*** Opening of Data extract ***
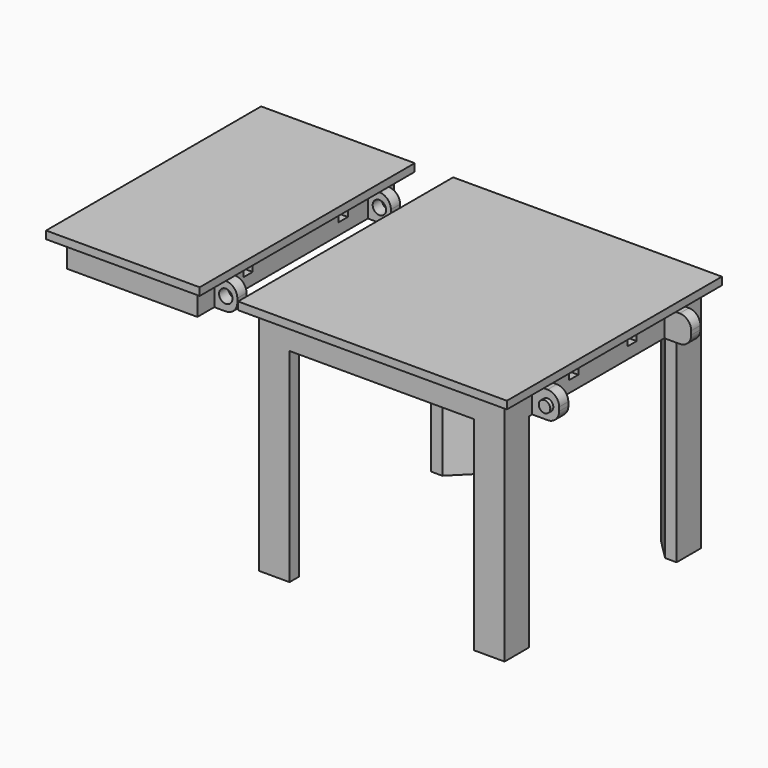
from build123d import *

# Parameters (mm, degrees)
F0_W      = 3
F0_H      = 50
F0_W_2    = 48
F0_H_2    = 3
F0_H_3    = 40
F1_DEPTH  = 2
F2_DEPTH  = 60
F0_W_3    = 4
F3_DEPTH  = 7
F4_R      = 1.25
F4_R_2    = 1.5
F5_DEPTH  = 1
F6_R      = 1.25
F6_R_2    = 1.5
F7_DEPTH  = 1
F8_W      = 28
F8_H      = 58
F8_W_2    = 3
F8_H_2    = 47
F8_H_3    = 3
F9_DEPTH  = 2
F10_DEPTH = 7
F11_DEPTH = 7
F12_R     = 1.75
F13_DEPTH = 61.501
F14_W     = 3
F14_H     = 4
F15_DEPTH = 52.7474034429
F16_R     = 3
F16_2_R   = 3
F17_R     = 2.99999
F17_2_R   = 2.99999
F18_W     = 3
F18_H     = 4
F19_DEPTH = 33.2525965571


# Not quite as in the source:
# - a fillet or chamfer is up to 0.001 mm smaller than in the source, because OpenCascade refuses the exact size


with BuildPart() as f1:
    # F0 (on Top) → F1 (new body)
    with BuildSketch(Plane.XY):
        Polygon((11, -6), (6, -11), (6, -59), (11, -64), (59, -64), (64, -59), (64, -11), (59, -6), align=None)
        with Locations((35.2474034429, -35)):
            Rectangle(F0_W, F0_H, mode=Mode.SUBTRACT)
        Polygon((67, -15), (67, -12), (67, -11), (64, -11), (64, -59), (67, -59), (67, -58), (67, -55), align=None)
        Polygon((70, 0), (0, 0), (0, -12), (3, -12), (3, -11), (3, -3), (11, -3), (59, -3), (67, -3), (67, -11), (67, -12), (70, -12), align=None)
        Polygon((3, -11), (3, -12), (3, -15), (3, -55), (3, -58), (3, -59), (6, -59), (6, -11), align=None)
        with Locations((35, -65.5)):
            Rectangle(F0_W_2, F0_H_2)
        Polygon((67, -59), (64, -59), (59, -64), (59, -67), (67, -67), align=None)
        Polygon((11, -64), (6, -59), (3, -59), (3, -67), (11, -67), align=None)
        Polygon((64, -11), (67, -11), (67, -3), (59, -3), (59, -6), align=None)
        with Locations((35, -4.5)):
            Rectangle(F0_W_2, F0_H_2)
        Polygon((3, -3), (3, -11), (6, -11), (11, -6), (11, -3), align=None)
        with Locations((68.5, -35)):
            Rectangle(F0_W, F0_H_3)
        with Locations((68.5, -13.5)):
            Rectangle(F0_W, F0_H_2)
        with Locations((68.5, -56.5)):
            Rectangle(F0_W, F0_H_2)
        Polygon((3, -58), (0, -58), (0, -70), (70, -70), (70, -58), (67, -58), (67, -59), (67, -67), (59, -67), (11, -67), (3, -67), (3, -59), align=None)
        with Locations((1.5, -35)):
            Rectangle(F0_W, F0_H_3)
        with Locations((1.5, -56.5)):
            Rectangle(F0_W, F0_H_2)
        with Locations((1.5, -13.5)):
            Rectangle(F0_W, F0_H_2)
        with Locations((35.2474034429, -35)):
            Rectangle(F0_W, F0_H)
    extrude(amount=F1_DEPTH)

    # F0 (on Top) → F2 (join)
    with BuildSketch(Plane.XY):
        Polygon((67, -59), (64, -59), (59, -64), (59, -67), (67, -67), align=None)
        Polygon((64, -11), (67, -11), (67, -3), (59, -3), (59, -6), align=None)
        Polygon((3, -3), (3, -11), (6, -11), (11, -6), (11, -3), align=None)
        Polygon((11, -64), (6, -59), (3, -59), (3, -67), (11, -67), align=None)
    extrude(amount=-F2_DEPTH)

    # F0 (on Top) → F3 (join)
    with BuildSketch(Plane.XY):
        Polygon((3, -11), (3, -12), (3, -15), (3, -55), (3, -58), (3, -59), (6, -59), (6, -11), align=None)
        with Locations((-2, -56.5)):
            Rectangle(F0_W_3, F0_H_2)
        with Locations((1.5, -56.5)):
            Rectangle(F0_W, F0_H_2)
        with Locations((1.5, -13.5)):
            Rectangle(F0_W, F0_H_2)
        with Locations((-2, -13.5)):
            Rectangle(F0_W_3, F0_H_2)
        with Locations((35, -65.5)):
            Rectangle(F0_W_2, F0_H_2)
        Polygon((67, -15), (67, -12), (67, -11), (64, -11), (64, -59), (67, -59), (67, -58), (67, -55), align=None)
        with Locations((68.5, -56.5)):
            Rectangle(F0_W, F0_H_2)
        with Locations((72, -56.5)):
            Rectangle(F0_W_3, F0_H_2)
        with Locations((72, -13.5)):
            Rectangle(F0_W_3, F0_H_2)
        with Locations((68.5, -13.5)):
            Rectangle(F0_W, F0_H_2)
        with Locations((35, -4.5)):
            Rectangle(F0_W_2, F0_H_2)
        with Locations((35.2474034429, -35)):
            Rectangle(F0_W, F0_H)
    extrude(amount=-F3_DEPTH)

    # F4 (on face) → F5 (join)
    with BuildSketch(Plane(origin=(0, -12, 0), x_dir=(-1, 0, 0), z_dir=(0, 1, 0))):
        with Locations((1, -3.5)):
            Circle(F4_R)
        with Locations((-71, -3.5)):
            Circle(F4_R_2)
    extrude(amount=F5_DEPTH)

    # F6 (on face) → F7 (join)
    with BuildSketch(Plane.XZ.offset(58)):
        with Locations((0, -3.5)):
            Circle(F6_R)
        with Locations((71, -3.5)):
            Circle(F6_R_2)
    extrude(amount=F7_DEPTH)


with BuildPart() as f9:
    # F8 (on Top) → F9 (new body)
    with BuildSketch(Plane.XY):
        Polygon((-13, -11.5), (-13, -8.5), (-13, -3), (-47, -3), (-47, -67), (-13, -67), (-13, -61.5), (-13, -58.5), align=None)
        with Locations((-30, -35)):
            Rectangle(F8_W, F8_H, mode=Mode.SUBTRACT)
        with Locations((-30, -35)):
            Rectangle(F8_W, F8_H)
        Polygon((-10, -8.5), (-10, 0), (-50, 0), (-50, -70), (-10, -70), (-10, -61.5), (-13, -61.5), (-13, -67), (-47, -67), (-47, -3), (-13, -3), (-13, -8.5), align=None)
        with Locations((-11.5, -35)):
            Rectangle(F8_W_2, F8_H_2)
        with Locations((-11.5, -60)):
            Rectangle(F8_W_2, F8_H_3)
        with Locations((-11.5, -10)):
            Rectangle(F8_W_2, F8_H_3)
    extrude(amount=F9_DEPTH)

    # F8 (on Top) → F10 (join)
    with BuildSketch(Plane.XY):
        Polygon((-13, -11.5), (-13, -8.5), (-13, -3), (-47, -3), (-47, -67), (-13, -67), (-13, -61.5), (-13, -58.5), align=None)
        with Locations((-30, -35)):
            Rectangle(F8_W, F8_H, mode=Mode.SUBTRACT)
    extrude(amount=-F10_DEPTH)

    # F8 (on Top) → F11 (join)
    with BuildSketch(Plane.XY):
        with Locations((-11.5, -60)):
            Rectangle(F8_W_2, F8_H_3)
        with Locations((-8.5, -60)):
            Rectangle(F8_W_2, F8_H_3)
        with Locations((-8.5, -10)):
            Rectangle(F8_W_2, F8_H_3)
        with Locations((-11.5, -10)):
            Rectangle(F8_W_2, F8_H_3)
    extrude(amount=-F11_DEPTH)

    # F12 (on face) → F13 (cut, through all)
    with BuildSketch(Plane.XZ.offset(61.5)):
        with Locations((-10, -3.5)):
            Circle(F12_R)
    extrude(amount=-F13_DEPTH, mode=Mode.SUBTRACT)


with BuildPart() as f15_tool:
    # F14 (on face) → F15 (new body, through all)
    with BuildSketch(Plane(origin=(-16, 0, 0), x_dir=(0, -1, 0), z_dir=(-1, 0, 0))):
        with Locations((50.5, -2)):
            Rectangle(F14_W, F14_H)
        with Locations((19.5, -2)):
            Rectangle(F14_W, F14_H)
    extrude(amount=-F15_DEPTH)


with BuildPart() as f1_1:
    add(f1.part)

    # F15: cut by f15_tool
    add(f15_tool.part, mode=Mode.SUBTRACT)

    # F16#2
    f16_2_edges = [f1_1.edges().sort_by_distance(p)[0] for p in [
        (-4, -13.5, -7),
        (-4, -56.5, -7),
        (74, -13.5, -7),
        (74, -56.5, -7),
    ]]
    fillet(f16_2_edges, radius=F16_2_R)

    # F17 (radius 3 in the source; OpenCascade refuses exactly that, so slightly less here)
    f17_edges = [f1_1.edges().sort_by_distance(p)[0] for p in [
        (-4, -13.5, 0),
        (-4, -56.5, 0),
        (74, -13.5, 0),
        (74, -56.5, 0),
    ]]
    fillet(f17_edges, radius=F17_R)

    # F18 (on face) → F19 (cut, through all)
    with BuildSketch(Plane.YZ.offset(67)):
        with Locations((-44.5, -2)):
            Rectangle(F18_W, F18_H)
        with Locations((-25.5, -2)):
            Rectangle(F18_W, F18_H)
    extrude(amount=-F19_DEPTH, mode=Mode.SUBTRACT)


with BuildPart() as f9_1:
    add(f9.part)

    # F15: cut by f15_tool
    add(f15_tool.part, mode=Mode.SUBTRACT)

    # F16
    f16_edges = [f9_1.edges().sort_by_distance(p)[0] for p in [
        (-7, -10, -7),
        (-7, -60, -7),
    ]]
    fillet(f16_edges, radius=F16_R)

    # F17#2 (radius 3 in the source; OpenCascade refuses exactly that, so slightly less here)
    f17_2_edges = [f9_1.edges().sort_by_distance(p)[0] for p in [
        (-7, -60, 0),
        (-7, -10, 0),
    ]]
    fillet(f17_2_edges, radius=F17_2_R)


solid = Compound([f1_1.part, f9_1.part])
*** Close of Data extract ***
> [To do] From the records above, pull out every line containing the word "slightly".

> [Exercise answer]
    # F17 (radius 3 in the source; OpenCascade refuses exactly that, so slightly less here)
    # F17#2 (radius 3 in the source; OpenCascade refuses exactly that, so slightly less here)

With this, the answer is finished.